Él se atrevió a hacer algunas objeciones aún. Pero con un gesto que no admite replica, ella exigió una sumisión completa, inmediata. Entonces, resignado, él se inclinó, muy apuesto, hacia la mendiga atónica y también deslumbrada, y, muy ampliamente, muy ampliamente, como le fue ordenado, él la besó en la boca, en esa triste boca pálida por primera vez extasiada.
Luego los dos amantes se perdieron en la profundidad del bosque. La que había recibido la limosna quedó en el camino, inmóvil, más asombrada y encantada que si alguna noche de verano los cielos hubiesen dejado caer una estrella en su pobre mano tendida.
¡Oh, joven mujer, oh, parisina, que de una de las delicias que te pertenecían por completo, diste una limosna a unos pobres labios sin besar!; ¡tú que, con una caricia de tu amante has consolado a la niña desheredada de las caricias!; ¡generosa donante de una parte de la más preciosa de tus riquezas!; ¡bendita seas y festejada por siempre por esa misericordia! ¡Que todas las dichas te sean concedidas en recompensa por la dicha que has dado! ¡Que siempre te ame y que nunca te engañe aquél al que tan magnánimamente obligaste a la traición!; ¡que siempre tus sonrisas, incluso ya anciana, sean envidiadas por la sonrisa de las rosas de julio! ¡que tu espejo, como salario por tu adorable bondad, te muestre eternamente una belleza sin parangón!– y, puesto que tú diste la limosna de ese beso, ¡que todos los besos, hasta el fin de tus días, te sean dulces! ¿Quien sabe, sin embargo, si creyendo ser buena no fuiste tal vez cruel, transeúnte caritativa? ¿Quién sabe si no ha quedado en los labios de la mendiga, el recuerdo devorador de tu presente?
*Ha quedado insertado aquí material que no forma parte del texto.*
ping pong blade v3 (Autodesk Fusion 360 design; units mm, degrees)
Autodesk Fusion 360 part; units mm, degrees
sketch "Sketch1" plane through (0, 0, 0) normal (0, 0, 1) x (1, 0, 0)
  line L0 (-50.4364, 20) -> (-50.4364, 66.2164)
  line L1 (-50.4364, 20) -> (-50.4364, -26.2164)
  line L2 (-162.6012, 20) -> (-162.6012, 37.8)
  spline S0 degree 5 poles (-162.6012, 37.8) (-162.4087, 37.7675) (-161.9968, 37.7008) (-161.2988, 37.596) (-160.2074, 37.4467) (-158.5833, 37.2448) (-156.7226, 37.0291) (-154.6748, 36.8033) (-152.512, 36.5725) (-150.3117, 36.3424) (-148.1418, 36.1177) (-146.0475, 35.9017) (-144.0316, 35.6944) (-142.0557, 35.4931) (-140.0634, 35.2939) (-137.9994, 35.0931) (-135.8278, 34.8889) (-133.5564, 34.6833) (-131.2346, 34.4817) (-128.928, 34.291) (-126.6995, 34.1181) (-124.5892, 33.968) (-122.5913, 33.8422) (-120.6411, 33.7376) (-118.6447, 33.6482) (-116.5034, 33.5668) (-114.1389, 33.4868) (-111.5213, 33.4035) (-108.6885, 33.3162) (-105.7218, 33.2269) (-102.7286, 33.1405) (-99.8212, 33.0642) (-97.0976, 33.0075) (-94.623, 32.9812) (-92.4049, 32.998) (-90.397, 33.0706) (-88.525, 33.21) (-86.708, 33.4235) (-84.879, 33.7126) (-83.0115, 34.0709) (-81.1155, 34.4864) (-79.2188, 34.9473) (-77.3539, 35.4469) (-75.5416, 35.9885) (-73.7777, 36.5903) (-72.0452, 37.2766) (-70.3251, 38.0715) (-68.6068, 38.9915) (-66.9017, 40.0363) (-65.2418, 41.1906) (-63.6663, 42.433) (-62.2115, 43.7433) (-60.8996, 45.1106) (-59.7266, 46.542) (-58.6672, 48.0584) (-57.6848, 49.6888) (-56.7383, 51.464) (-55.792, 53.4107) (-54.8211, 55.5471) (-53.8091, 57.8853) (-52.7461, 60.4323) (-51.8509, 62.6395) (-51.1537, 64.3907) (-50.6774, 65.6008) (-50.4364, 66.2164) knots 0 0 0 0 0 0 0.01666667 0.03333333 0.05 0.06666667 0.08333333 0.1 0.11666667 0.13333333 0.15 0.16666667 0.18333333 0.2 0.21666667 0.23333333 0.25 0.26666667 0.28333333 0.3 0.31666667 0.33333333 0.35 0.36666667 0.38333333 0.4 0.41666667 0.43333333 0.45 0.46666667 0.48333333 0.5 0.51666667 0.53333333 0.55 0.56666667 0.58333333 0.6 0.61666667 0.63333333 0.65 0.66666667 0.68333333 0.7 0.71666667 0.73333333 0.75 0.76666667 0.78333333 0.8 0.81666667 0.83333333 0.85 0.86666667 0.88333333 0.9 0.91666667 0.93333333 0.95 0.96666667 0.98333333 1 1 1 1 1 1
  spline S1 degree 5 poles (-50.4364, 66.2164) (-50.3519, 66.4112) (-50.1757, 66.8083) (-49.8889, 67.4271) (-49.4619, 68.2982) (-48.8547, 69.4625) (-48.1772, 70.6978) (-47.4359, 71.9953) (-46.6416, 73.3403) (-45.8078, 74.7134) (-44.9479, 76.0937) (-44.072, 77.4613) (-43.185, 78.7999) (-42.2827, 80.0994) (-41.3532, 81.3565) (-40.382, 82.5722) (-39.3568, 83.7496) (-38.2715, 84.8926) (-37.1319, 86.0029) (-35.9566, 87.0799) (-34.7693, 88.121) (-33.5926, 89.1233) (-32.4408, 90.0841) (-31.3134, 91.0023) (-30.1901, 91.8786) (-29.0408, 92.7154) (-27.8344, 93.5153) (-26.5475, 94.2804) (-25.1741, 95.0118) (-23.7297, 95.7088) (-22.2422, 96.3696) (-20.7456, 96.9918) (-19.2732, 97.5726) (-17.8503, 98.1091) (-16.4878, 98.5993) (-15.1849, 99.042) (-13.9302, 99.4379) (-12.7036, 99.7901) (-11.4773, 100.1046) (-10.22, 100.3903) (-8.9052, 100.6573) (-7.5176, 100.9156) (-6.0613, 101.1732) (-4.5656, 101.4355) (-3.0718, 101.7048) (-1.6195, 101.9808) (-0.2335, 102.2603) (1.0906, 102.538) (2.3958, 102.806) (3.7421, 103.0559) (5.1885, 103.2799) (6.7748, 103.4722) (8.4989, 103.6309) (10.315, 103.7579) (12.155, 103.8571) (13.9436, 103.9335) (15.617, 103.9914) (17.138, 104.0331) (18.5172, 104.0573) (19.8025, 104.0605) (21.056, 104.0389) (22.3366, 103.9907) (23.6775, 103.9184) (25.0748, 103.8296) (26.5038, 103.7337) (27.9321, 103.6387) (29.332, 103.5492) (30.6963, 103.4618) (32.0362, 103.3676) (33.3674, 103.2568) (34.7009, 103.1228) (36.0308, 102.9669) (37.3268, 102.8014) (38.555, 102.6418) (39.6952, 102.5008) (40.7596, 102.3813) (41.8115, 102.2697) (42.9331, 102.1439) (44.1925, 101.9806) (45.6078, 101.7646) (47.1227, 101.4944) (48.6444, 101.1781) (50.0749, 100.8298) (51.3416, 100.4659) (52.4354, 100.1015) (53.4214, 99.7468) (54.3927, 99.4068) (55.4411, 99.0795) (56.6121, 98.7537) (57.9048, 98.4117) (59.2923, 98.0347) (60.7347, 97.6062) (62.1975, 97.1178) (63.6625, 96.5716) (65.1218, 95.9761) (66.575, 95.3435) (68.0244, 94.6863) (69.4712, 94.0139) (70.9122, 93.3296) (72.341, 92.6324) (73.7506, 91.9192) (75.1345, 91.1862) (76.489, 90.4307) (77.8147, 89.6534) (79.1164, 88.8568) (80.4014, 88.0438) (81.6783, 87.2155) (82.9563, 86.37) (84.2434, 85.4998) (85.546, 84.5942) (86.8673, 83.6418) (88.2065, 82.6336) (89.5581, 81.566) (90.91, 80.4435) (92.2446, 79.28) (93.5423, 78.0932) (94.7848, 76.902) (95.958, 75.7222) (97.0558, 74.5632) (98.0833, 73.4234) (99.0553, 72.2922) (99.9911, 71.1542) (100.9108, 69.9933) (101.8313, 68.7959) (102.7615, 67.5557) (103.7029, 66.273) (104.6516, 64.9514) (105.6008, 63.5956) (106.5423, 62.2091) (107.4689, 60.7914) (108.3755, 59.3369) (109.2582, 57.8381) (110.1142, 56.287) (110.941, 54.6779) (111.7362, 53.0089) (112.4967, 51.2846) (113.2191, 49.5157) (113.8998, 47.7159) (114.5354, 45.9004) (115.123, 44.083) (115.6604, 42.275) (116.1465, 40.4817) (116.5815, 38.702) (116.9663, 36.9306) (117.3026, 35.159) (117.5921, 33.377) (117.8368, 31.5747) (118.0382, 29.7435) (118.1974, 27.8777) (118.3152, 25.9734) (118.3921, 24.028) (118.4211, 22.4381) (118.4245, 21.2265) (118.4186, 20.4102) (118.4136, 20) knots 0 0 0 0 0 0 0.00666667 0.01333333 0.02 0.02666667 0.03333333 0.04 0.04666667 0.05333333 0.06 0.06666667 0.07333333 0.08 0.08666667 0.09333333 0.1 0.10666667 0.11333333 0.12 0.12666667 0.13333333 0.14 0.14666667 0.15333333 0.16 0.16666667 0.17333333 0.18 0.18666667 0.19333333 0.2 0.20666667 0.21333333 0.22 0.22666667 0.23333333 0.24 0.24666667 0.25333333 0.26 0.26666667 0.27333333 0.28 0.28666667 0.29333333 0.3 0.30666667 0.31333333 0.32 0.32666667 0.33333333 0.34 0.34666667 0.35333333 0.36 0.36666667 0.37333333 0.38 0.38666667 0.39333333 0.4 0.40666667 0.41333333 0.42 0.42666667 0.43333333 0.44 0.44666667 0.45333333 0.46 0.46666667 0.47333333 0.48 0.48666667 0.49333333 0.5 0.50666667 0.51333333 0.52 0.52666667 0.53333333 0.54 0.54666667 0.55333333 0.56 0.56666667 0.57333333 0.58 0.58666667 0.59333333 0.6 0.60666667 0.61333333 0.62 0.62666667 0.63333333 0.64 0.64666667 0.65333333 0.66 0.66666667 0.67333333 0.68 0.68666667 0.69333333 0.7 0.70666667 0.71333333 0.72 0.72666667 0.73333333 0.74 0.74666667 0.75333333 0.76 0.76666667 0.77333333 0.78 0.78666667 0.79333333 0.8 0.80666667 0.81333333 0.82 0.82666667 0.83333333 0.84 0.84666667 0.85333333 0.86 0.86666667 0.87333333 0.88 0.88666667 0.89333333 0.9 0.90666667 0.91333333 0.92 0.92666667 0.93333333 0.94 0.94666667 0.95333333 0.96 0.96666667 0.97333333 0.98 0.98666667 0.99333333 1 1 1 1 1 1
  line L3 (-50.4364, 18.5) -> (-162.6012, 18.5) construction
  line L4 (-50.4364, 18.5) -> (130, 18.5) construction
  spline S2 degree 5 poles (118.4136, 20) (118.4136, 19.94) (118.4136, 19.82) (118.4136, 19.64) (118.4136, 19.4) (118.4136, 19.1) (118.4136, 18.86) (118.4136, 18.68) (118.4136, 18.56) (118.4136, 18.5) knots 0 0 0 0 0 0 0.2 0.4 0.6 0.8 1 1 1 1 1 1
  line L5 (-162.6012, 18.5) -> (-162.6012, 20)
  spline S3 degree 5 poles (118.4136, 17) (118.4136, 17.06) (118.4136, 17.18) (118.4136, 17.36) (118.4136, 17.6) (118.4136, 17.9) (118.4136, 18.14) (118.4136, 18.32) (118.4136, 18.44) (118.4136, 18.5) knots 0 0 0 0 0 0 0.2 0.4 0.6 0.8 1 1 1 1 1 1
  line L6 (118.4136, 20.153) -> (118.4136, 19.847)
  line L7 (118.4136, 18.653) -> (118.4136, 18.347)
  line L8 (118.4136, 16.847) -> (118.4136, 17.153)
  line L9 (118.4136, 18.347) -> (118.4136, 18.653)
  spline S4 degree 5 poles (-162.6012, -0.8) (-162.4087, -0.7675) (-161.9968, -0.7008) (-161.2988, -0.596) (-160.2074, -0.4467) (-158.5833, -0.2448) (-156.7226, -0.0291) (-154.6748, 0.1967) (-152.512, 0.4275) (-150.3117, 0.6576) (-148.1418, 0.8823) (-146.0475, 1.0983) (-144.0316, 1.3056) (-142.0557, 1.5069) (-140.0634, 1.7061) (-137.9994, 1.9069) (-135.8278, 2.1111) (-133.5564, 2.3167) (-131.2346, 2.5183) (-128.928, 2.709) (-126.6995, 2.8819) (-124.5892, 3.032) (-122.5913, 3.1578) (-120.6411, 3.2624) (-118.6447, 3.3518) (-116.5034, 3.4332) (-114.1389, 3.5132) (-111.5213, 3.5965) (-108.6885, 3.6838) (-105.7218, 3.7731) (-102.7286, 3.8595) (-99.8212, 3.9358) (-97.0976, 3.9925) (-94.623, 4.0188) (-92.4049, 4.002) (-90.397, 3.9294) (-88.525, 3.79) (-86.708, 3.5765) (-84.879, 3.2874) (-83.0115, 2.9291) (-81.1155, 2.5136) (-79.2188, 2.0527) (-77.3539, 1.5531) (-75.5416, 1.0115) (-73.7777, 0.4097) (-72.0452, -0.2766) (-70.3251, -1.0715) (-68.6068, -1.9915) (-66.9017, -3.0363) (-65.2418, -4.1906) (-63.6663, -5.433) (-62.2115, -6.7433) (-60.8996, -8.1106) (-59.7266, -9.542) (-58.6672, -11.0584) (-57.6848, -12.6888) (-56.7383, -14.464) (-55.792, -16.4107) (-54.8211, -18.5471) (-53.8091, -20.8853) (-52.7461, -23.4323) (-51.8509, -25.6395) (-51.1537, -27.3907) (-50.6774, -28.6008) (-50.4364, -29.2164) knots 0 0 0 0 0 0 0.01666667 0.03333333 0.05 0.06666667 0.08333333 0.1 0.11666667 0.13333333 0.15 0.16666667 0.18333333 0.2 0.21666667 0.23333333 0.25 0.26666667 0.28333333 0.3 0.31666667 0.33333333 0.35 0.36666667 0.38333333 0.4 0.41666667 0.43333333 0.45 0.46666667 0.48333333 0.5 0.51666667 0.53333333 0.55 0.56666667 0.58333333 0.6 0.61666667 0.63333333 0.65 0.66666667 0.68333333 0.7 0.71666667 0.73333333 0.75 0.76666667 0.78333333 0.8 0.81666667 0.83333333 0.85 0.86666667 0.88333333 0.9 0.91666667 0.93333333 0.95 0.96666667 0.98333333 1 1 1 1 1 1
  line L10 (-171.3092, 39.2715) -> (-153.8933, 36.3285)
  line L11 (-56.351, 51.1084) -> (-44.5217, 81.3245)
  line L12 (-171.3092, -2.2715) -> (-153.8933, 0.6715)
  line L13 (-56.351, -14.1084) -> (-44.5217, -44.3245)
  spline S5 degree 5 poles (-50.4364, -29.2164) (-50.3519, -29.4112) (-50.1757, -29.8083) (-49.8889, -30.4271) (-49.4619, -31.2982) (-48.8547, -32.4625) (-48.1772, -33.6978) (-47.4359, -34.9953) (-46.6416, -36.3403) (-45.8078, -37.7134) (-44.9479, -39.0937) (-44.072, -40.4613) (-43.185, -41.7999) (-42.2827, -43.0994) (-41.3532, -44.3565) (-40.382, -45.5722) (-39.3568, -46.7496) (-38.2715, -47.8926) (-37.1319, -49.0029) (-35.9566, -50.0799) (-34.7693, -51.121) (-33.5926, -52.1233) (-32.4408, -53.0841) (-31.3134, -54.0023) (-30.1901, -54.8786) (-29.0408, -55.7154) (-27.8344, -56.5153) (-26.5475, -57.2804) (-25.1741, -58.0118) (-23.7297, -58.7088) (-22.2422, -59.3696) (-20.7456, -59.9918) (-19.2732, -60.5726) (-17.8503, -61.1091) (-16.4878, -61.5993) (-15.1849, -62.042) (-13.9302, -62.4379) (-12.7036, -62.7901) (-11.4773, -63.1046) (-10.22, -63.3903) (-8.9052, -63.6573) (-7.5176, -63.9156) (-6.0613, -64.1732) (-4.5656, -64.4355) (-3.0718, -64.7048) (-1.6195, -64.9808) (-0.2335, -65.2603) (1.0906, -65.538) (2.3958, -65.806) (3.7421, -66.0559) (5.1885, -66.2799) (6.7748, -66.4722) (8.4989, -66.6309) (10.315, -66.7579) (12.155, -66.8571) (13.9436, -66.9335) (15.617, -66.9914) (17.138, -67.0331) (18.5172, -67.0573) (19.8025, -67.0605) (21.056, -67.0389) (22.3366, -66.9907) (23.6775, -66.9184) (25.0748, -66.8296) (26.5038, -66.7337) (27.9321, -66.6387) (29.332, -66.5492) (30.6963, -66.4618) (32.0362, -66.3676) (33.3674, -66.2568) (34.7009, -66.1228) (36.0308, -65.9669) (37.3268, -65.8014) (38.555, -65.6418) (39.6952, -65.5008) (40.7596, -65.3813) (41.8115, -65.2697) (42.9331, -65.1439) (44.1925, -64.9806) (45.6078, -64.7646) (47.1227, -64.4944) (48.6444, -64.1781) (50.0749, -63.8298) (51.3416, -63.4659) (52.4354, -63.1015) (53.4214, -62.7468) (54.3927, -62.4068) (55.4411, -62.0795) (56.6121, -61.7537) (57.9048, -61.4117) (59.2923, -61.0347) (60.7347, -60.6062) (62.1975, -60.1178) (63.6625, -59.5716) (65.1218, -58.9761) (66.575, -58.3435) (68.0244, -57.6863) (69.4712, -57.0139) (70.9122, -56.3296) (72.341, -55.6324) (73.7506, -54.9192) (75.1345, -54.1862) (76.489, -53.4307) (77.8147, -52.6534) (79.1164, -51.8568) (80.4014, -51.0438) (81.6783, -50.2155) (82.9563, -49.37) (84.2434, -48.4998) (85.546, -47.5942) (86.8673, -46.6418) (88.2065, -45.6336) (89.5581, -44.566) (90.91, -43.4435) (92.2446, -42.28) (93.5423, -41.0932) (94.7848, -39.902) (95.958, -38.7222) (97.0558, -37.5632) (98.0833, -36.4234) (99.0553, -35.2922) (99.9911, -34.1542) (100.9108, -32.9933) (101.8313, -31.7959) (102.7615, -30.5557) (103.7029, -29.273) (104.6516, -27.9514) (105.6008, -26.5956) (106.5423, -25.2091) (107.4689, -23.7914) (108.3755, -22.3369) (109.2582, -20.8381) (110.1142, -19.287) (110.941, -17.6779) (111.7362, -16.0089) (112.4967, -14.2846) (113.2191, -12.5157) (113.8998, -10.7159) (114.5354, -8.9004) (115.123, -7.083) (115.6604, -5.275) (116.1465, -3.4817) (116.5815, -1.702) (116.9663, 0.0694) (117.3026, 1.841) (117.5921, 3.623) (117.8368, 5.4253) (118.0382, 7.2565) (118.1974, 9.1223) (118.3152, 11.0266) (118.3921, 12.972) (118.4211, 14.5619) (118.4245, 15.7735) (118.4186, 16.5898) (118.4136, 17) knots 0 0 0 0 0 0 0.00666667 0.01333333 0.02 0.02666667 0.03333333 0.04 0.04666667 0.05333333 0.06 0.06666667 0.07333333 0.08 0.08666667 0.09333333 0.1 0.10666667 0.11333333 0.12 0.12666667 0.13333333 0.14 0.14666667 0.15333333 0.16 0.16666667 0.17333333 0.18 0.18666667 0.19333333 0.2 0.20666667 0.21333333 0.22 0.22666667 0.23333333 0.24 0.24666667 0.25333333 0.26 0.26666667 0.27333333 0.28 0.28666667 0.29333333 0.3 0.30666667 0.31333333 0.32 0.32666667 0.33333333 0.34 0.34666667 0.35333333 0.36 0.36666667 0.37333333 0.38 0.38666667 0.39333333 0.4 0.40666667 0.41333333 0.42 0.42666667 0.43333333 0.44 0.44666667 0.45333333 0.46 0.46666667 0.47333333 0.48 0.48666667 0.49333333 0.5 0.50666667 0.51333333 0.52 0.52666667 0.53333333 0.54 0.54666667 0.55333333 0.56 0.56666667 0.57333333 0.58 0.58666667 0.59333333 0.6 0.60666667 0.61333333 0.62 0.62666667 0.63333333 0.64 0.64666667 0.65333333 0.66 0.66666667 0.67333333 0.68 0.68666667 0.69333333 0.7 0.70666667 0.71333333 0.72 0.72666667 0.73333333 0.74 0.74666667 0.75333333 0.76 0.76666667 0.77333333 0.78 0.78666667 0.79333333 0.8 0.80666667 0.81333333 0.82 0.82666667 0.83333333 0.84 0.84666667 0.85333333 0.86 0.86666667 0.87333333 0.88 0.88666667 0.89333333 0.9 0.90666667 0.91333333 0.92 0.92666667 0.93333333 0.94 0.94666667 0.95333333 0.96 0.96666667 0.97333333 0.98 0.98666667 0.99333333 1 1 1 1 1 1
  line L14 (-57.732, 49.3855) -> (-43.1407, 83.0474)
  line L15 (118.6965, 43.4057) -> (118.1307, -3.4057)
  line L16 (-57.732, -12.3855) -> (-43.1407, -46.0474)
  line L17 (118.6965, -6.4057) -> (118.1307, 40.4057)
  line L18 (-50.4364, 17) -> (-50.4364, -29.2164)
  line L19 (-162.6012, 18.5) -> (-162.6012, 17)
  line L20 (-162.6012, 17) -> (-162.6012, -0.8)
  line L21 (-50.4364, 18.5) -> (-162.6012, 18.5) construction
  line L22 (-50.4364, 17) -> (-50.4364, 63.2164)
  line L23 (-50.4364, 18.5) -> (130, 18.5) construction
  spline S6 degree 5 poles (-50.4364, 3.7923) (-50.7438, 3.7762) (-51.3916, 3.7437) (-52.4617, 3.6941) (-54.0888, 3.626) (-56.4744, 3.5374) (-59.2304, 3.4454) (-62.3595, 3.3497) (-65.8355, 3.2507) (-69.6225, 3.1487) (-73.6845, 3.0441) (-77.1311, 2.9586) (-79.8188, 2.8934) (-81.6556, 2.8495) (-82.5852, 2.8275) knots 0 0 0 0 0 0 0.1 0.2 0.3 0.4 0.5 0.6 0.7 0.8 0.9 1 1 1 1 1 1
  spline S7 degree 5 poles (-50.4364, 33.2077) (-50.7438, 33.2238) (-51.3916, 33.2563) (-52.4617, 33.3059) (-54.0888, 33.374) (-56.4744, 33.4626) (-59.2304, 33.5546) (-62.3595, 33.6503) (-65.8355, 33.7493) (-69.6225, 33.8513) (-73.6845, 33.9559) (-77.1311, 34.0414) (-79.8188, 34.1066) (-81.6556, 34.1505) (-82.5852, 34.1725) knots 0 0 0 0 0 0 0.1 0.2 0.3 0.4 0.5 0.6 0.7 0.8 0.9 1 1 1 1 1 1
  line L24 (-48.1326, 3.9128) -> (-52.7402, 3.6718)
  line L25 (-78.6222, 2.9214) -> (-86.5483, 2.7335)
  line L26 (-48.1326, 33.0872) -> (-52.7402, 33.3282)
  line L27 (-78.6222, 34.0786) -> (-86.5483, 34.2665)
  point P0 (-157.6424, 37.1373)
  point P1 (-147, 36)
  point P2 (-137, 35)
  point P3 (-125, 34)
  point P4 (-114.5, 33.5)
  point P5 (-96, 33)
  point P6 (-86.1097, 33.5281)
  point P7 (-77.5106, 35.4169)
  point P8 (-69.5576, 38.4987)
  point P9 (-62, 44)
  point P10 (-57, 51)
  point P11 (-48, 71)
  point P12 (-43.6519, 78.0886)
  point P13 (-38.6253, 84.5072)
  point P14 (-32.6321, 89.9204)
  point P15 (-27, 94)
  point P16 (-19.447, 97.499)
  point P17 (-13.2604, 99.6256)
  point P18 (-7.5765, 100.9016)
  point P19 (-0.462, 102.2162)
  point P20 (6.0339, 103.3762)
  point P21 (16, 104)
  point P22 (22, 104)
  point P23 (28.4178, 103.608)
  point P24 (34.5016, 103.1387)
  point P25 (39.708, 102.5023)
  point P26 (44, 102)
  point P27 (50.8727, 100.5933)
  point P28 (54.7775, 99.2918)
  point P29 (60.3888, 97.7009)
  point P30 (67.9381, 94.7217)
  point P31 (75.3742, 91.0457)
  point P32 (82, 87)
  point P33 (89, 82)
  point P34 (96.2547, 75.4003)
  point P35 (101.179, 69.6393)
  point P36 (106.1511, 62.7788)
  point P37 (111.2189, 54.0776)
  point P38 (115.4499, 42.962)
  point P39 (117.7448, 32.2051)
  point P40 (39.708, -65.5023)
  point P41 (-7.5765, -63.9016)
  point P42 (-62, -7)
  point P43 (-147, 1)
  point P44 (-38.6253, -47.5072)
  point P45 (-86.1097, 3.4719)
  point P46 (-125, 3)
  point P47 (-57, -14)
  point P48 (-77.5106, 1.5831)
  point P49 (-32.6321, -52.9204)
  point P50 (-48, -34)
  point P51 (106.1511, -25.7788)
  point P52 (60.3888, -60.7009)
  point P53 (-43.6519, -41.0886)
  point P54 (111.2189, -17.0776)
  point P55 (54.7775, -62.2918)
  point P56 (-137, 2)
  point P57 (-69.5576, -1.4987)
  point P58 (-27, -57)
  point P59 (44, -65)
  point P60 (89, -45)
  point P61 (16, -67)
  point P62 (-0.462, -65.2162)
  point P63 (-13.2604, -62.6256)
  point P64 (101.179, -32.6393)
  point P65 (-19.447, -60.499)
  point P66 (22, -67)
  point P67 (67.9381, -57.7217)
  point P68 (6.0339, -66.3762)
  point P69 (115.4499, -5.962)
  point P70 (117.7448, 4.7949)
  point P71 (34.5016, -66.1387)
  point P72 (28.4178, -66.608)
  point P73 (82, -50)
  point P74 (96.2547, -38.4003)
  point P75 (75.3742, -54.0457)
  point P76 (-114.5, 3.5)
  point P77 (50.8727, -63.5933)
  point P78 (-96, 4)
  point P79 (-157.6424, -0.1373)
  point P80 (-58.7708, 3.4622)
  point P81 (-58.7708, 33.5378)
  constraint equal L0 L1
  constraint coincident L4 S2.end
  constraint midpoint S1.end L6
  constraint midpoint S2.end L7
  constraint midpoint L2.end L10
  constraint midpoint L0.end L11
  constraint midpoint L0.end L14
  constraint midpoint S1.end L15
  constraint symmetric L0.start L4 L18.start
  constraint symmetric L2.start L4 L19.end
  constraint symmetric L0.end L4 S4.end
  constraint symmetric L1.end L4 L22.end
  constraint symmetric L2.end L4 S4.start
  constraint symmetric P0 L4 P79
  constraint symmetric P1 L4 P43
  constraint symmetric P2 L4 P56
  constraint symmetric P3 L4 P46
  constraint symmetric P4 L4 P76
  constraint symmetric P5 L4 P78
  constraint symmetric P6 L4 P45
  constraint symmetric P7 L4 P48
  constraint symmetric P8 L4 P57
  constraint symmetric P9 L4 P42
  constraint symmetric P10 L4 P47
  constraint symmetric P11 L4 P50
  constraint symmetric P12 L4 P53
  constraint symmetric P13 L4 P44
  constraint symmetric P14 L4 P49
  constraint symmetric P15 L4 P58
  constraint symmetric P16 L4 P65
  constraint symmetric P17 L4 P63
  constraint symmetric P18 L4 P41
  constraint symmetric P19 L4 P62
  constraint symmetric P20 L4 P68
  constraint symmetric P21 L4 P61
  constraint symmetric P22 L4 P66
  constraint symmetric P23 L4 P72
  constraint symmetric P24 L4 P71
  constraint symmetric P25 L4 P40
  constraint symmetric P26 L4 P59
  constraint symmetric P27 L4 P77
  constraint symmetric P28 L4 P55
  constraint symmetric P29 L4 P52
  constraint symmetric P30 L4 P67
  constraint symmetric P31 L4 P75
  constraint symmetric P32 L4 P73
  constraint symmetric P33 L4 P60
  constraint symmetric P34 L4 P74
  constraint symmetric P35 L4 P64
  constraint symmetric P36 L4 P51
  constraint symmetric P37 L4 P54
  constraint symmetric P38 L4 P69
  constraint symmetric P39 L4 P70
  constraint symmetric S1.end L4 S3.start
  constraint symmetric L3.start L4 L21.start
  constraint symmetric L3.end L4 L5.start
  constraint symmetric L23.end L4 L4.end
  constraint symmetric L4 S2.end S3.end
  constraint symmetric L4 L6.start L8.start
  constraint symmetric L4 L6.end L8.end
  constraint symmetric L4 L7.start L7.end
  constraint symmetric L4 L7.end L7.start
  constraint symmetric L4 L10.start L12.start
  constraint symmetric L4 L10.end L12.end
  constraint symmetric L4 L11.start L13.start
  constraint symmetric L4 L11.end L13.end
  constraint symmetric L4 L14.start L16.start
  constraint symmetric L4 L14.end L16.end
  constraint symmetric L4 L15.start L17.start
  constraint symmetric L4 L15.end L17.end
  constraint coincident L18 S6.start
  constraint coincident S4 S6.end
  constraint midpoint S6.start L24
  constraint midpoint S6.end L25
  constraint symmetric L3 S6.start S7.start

La desdichada podía soportar la desesperación de tener unos labios donde jamás se posan otros labios antes de conocer la embriaguez de la boca en la boca. ¡Ahora piensa que el paraíso es posible en la tierra! y ella ya no lo tiene, jamás tendrá ese paraíso. Tal vez deambule por las caminos y los domingos por las afueras, esperando encontrar enamorados que dan a las mendigas esas limosnas del cielo. No los encontrará, estará desolada, con la espalda apoyada en un árbol, tendiendo la mano, no atreviéndose a tender los labios, afligida y alelada; y, alguna noche sin duda por el recuerdo desesperado irá hacia el río que discurre no lejos del camino por donde tú pasaste; se inclinará hacia el agua, hacia el agua clara y negra, tan profunda, y, aspirando una última vez con sus labios su alma en el recuerdo aún de la deliciosa y fatal limosna… Pero la muerte es clemente también con las pequeñas suicidas. Tan fea cuando viva, la pobre, será menos fea muerta sobre las larga losa cuando la hayan sacado del río; más pálida, más blanca, con los ojos velados por los dulces párpados cerrados; y, a partir de ahora sin amargura, puesto que la equidad de las celestes bodas reserva a los más bellos ángeles por esposos a las más feas elegidas, el recuerdo del único minuto exquisito pondrá sobre los labios de la difunta una sonrisa esperanzada.